### YOUR GOAL
Lines from the start of the data through the line containing "Equivalent','2017','2017 Aluminum Allo" must be given again exactly. Leave the others out.

START PROVIDED RECORDS

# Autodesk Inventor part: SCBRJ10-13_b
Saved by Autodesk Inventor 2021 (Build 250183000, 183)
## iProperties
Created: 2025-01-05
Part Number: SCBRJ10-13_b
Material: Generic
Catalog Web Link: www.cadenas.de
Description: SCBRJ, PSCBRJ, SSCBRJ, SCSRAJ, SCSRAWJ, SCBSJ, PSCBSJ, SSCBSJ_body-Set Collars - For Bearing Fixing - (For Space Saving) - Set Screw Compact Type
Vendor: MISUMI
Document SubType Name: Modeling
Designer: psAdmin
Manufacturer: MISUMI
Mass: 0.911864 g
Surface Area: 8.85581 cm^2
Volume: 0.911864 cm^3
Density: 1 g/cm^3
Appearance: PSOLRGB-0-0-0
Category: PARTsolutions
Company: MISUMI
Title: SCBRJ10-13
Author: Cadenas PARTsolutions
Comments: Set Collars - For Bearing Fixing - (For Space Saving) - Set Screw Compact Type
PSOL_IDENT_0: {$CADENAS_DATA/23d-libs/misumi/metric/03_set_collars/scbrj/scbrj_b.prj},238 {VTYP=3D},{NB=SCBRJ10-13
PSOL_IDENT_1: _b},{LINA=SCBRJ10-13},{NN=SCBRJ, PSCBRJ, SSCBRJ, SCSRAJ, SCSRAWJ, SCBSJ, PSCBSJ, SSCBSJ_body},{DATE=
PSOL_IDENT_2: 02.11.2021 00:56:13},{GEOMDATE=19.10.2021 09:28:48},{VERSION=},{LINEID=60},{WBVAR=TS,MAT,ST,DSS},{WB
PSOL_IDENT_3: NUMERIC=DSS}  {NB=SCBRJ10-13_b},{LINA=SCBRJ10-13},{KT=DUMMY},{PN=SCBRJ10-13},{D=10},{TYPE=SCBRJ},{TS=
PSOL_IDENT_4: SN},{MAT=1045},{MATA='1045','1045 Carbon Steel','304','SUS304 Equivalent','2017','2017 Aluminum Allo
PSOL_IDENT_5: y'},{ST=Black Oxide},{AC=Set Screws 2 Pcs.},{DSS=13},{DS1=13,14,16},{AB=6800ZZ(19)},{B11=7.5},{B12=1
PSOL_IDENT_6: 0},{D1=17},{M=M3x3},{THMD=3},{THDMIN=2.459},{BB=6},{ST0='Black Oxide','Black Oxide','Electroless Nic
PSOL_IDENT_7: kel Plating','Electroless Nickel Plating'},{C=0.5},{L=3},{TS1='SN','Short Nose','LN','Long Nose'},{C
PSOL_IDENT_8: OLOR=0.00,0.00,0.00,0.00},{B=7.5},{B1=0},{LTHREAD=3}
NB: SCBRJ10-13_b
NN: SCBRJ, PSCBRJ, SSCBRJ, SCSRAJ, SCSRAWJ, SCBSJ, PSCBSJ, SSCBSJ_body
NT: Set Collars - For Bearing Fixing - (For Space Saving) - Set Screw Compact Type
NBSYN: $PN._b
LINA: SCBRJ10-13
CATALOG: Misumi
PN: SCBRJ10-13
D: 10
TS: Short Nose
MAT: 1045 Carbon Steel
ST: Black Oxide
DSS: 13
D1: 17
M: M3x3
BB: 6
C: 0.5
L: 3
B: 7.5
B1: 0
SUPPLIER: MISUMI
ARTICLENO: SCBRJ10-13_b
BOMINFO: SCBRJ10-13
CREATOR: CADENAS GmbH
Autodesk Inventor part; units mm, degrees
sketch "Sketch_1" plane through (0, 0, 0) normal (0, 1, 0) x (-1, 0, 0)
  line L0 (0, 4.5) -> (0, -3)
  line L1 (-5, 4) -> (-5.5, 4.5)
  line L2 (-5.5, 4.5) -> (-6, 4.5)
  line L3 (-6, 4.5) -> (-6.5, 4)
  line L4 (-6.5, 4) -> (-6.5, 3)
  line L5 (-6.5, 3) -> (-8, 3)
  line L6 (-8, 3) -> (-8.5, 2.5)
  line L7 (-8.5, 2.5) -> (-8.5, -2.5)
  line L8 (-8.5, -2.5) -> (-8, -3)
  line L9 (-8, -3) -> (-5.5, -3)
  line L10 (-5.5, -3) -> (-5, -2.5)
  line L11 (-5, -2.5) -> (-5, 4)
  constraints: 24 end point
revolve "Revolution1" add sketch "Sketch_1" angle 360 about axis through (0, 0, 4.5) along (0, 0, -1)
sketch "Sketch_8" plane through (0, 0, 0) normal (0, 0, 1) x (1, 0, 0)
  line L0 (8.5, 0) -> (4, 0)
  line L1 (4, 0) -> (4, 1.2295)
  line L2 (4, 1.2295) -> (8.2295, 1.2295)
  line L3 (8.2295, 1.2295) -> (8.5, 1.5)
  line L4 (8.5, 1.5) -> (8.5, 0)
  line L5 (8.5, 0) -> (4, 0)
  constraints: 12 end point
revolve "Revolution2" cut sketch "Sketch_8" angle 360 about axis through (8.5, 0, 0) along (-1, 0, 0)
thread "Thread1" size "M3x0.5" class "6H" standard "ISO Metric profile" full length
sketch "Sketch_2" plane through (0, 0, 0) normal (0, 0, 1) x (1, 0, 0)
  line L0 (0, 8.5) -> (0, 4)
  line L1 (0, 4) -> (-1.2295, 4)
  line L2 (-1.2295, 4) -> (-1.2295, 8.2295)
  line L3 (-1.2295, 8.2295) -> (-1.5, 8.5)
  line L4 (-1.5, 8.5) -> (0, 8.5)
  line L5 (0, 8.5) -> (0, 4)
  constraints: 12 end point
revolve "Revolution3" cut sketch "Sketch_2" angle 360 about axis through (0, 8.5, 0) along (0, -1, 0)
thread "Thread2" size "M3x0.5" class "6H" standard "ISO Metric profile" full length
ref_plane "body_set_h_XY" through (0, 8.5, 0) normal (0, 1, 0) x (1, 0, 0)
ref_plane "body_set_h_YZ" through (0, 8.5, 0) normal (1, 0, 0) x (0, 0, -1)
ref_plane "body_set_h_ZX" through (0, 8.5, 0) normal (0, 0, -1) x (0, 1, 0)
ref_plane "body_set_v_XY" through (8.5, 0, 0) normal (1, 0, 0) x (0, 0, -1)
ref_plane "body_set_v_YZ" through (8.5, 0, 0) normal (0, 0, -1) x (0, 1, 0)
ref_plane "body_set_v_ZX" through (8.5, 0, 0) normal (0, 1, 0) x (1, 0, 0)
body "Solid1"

END PROVIDED RECORDS

### SOLUTION TO THE PROBLEM
# Autodesk Inventor part: SCBRJ10-13_b
Saved by Autodesk Inventor 2021 (Build 250183000, 183)
## iProperties
Created: 2025-01-05
Part Number: SCBRJ10-13_b
Material: Generic
Catalog Web Link: www.cadenas.de
Description: SCBRJ, PSCBRJ, SSCBRJ, SCSRAJ, SCSRAWJ, SCBSJ, PSCBSJ, SSCBSJ_body-Set Collars - For Bearing Fixing - (For Space Saving) - Set Screw Compact Type
Vendor: MISUMI
Document SubType Name: Modeling
Designer: psAdmin
Manufacturer: MISUMI
Mass: 0.911864 g
Surface Area: 8.85581 cm^2
Volume: 0.911864 cm^3
Density: 1 g/cm^3
Appearance: PSOLRGB-0-0-0
Category: PARTsolutions
Company: MISUMI
Title: SCBRJ10-13
Author: Cadenas PARTsolutions
Comments: Set Collars - For Bearing Fixing - (For Space Saving) - Set Screw Compact Type
PSOL_IDENT_0: {$CADENAS_DATA/23d-libs/misumi/metric/03_set_collars/scbrj/scbrj_b.prj},238 {VTYP=3D},{NB=SCBRJ10-13
PSOL_IDENT_1: _b},{LINA=SCBRJ10-13},{NN=SCBRJ, PSCBRJ, SSCBRJ, SCSRAJ, SCSRAWJ, SCBSJ, PSCBSJ, SSCBSJ_body},{DATE=
PSOL_IDENT_2: 02.11.2021 00:56:13},{GEOMDATE=19.10.2021 09:28:48},{VERSION=},{LINEID=60},{WBVAR=TS,MAT,ST,DSS},{WB
PSOL_IDENT_3: NUMERIC=DSS}  {NB=SCBRJ10-13_b},{LINA=SCBRJ10-13},{KT=DUMMY},{PN=SCBRJ10-13},{D=10},{TYPE=SCBRJ},{TS=
PSOL_IDENT_4: SN},{MAT=1045},{MATA='1045','1045 Carbon Steel','304','SUS304 Equivalent','2017','2017 Aluminum Allo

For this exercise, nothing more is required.